What you are asked to do -> The lines to reproduce run from the first one below to the line containing "[picture b1s1: schematic MCU.kicad_sch]", both included. Reproduce them exactly and nothing else.
• • • • • • •
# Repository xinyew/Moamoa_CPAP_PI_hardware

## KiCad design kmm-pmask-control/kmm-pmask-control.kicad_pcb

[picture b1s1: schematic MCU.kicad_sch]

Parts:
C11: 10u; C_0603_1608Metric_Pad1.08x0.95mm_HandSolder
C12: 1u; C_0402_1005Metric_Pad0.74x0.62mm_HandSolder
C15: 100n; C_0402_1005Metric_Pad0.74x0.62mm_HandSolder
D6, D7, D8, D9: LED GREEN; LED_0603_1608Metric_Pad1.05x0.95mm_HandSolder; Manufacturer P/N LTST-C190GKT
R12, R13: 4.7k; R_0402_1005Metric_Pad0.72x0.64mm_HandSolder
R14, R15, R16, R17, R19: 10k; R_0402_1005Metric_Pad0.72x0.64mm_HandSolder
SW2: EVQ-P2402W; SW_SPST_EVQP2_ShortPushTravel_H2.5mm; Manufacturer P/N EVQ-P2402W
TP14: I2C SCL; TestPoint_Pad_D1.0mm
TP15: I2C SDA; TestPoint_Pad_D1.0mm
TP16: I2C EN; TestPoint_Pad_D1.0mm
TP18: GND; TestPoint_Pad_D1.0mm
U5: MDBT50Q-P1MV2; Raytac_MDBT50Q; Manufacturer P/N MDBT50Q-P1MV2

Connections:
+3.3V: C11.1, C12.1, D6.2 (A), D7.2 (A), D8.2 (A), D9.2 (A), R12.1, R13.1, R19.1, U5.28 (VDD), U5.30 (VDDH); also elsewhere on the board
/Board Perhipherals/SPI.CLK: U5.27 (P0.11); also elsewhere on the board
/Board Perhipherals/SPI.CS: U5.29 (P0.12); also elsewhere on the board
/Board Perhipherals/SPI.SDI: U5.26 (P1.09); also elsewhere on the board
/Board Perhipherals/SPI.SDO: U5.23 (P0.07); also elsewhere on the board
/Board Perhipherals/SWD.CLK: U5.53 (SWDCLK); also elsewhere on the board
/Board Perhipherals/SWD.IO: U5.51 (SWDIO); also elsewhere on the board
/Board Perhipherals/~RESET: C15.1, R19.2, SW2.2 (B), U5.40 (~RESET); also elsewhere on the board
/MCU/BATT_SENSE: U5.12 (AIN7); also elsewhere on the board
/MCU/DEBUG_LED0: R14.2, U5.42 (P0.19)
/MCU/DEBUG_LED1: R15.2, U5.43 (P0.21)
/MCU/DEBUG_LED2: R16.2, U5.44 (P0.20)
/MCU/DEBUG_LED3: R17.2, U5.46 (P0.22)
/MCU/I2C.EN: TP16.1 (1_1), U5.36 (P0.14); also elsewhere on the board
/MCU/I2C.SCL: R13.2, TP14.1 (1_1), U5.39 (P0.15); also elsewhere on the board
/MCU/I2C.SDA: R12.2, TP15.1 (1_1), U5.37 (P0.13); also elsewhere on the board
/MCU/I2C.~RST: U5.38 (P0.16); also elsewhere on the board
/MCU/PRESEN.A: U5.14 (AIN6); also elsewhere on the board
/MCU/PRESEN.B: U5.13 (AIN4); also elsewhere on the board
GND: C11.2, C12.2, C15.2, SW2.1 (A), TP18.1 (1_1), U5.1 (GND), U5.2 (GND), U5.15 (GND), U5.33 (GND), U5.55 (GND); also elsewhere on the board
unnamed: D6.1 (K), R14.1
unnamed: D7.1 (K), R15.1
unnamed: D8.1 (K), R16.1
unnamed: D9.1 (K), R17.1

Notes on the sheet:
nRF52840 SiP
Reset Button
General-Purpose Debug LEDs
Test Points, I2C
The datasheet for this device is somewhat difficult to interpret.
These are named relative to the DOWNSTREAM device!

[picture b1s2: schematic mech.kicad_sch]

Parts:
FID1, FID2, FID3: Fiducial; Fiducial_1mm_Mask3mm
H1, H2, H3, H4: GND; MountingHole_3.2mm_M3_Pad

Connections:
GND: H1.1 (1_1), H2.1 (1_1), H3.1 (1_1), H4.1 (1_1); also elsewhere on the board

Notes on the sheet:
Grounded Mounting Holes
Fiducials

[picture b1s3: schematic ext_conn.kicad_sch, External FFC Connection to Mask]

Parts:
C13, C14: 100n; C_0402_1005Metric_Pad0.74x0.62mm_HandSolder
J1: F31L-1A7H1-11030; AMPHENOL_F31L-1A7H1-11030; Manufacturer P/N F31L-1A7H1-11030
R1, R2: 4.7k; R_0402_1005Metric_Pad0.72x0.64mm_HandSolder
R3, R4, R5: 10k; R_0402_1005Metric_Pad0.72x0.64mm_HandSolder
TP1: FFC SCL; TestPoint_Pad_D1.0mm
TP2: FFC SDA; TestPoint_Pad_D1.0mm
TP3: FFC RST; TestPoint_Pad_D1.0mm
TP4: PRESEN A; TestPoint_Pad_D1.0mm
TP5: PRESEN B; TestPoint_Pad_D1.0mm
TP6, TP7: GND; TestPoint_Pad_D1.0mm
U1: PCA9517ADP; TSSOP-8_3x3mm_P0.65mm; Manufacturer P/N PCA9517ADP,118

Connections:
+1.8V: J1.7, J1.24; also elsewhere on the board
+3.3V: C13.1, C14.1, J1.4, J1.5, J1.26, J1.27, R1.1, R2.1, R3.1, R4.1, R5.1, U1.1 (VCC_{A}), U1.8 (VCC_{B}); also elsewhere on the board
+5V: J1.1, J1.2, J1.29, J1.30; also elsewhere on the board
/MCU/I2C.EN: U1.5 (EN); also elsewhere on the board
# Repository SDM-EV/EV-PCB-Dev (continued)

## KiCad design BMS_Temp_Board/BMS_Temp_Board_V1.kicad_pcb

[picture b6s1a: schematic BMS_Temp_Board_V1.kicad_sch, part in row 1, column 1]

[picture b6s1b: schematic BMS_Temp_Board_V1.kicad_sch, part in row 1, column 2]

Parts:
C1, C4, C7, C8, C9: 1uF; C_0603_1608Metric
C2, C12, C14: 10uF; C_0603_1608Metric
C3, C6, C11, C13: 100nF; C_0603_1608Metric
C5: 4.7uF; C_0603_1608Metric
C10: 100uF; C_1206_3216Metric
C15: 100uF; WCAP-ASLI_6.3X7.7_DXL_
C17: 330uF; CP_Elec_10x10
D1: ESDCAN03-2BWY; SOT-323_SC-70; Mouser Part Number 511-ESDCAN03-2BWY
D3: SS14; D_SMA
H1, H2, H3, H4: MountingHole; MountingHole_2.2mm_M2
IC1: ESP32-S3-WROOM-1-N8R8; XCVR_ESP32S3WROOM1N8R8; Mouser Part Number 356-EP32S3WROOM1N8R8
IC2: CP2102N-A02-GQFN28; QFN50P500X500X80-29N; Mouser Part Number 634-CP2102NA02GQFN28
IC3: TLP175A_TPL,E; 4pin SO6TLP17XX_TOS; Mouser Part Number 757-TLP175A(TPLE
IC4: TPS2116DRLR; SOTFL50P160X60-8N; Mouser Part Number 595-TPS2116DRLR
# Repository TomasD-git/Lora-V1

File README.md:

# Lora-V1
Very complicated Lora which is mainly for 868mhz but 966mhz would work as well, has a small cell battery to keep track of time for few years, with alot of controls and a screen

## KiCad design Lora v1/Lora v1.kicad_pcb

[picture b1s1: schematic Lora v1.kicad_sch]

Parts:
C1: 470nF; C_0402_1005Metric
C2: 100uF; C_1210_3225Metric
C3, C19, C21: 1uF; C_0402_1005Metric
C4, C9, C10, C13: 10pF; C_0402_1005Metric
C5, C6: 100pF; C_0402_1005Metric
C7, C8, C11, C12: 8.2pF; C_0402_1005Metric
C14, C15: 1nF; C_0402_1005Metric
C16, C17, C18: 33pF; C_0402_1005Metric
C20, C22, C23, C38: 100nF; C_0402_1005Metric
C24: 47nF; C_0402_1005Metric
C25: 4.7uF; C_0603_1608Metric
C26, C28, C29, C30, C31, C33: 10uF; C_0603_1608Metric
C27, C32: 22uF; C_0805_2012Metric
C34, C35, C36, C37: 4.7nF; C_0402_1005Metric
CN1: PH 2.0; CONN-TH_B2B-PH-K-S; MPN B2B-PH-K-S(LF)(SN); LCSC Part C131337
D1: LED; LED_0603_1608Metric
• • • • • • •
Written response ->
# Repository xinyew/Moamoa_CPAP_PI_hardware

## KiCad design kmm-pmask-control/kmm-pmask-control.kicad_pcb

[picture b1s1: schematic MCU.kicad_sch]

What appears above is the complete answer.